- _WHAT YOU WILL DO_
Where the records below show a line containing "constraint tangent A0 L0", start copying; end with the line containing "of L3.end L9.end", and copy it too.

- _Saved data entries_
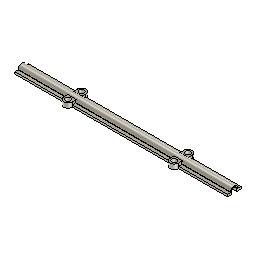
CAN_Cable_Cover v3 (Autodesk Fusion 360 design; units mm, degrees)
Autodesk Fusion 360 part; units mm, degrees
note: some values were not read from the file. Set by a fixed rule: which sketch regions a step uses.
sketch "Sketch1" plane through (0, 0, 0) normal (1, 0, 0) x (0, 1, 0) in component "CAN_Cable_Cover"
  circle A0 centre (0, 2.4) radius 2.4
  line L0 (-2.4, 2.4) -> (-2.4, 0)
  line L1 (0, 2.5) -> (0, 20)
  line L2 (2.4, 2.4) -> (2.4, 0)
  circle A1 centre (0, 2.4) radius 3.4
  line L3 (-3.4, 2.4) -> (-3.4, 0)
  line L4 (-3.4, 0) -> (-2.4, 0)
  line L5 (3.4, 2.4) -> (3.4, 0)
  line L6 (3.4, 0) -> (2.4, 0)
  line L7 (-3.4, 0) -> (-6.4, 0)
  line L8 (-6.4, 0) -> (-6.4, 2)
  line L9 (-6.4, 2) -> (-3.4, 2)
  line L10 (-3.4, 2) -> (-3.4, 0)
  line L11 (6.4, 2) -> (3.4, 2)
  line L12 (6.4, 0) -> (6.4, 2)
  line L13 (3.4, 0) -> (6.4, 0)
  line L14 (3.4, 2) -> (3.4, 0)
  dimension "d1" = 4.8
  dimension "d2" = 1
  dimension "d5" = 3
  dimension "d6" = 2
  constraint vertical origin A0.centre
  constraint coincident origin A0
  constraint coincident A0 L0.start
  constraint tangent A0 L0
  constraint vertical L0
  constraint symmetric L0.start L1 L2.start
  constraint symmetric L0.end L1 L2.end
  constraint coincident A1 L3.start
  constraint tangent A1 L3
  constraint parallel L0 L3
  constraint perpendicular L0 L4
  constraint symmetric L1 L3.start L5.start
  constraint symmetric L1 L3.end L5.end
  constraint horizontal L7
  constraint vertical L8
  constraint horizontal L9
  constraint vertical L10
  constraint symmetric L1 L7.end L12.start
  constraint symmetric L1 L8.end L11.start
  constraint symmetric L1 L9.end L11.end
  measures "d1" diameter of A0
  measures "d5" distance of L3.end L7.end
  measures "d6" distance of L3.end L9.end
extrude "Extrude1" add sketch "Sketch1" along normal mid plane 200 contours A0 L0 L1 A1 L4 | A0 L1 L2 A1 L6 | A1 L3 L4 L10 | A1 L5 L6 L14 | L3 L7 L8 L9 L10 | L5 L11 L12 L13 L14 in component "CAN_Cable_Cover"
sketch "Sketch2" plane through (0, 0, 0) normal (0, 0, -1) x (1, 0, 0) in component "CAN_Cable_Cover"
  line L0 (-100, 2.4) -> (100, 2.4)
  line L1 (100, 2.4) -> (100, 6.4)
  line L2 (100, 6.4) -> (-100, 6.4)
  line L3 (-100, 6.4) -> (-100, 2.4)
  circle A0 centre (-50, 6.4) radius 4
  line L4 (0, -1.75) -> (0, -22.5)
  circle A1 centre (-50, 6.4) radius 2.35
  line L5 (-46, 6.4) -> (-46, 2.4)
  line L6 (-46, 2.4) -> (-50, 2.4)
  line L7 (-54, 6.4) -> (-54, 2.4)
  line L8 (-54, 2.4) -> (-50, 2.4)
  line L9 (1.75, 0) -> (22.5, 0)
  circle A2 centre (-50, -6.4) radius 4
  circle A3 centre (-50, -6.4) radius 2.35
  line L10 (-54, -6.4) -> (-54, -2.4)
  line L11 (-54, -2.4) -> (-50, -2.4)
  line L12 (-46, -2.4) -> (-50, -2.4)
  line L13 (-46, -6.4) -> (-46, -2.4)
  line L14 (46, -2.4) -> (50, -2.4)
  line L15 (54, 6.4) -> (54, 2.4)
  line L16 (54, 2.4) -> (50, 2.4)
  line L17 (46, 6.4) -> (46, 2.4)
  circle A4 centre (50, 6.4) radius 4
  circle A5 centre (50, -6.4) radius 4
  line L18 (54, -6.4) -> (54, -2.4)
  circle A6 centre (50, -6.4) radius 2.35
  line L19 (46, -6.4) -> (46, -2.4)
  circle A7 centre (50, 6.4) radius 2.35
  line L20 (54, -2.4) -> (50, -2.4)
  line L21 (46, 2.4) -> (50, 2.4)
  dimension "d7" = 8
  dimension "d8" = 50
  dimension "d9" = 4.7
  constraint concentric A0 A1
  constraint coincident L2 A0.centre
  constraint coincident A0 L5.start
  constraint tangent A0 L5
  constraint coincident L0 L5.end
  constraint perpendicular L0 L5
  constraint coincident A0 L6.end
  constraint tangent A0 L6
  constraint coincident A0 L7.start
  constraint tangent A0 L7
  constraint coincident L0 L7.end
  constraint perpendicular L0 L7
  constraint symmetric A0 L9 A2
  constraint symmetric A1 L9 A3
  constraint symmetric L5.start L9 L13.start
  constraint symmetric L5.end L9 L12.start
  constraint symmetric L6.end L9 L11.end
  constraint symmetric L7.start L9 L10.start
  constraint symmetric L7.end L9 L10.end
  constraint symmetric A0 L4 A4
  constraint symmetric L4 A1 A7
  constraint symmetric L4 L5.start L17.start
  constraint symmetric L4 L5.end L17.end
  constraint symmetric L4 L6.end L16.end
  constraint symmetric L4 L7.start L15.start
  constraint symmetric L4 L7.end L15.end
  constraint symmetric L4 A2 A5
  constraint symmetric L4 A3 A6
  constraint symmetric L4 L10.start L18.start
  constraint symmetric L4 L10.end L18.end
  constraint symmetric L4 L11.end L14.end
  constraint symmetric L4 L12.start L14.start
  constraint symmetric L4 L13.start L19.start
  measures "d7" diameter of A0
  measures "d8" distance of A0.centre L4
  measures "d9" diameter of A1
extrude "Extrude2" add sketch "Sketch2" against normal blind 4.5 contours L0 A0 L7 L8 | L0 A0 L5 L6 | L2 A0 A1 | L2 A0 A1 | L0 L17 A4 L21 | L2 A4 A7 | L2 A4 A7 | L0 L15 L16 A4 | A2 | A2 L12 L13 | A2 L10 L11 | L14 A5 L19 | A5 L18 L20 | A5 in component "CAN_Cable_Cover"
extrude "Extrude3" cut sketch "Sketch2" against normal blind 16 contours L2 A1 | L2 A7 | A3 | A6 picked at (-50.2862, 5.6708) picked at (49.2594, 5.8292) in component "CAN_Cable_Cover"
component "CAN_Cable_Cover" placed x (1, 0, 0) y (0, 1, 0) z (0, 0, 1) at (0, 0, 0)
equation "d1 = cable_dia"
equation "d2 = tube_thick"
equation "d3 = length"
equation "d4 = 0deg 0'"
equation "d11 = 0deg 0'"
equation "d13 = 0deg 0'"
equation "length = 200 mm"
equation "cable_dia = 4.8 mm"
equation "tube_thick = 1 mm"
named bodies: "CAN_Cable_Cover"

- _ANSWER BOX_
  constraint tangent A0 L0
  constraint vertical L0
  constraint symmetric L0.start L1 L2.start
  constraint symmetric L0.end L1 L2.end
  constraint coincident A1 L3.start
  constraint tangent A1 L3
  constraint parallel L0 L3
  constraint perpendicular L0 L4
  constraint symmetric L1 L3.start L5.start
  constraint symmetric L1 L3.end L5.end
  constraint horizontal L7
  constraint vertical L8
  constraint horizontal L9
  constraint vertical L10
  constraint symmetric L1 L7.end L12.start
  constraint symmetric L1 L8.end L11.start
  constraint symmetric L1 L9.end L11.end
  measures "d1" diameter of A0
  measures "d5" distance of L3.end L7.end
  measures "d6" distance of L3.end L9.end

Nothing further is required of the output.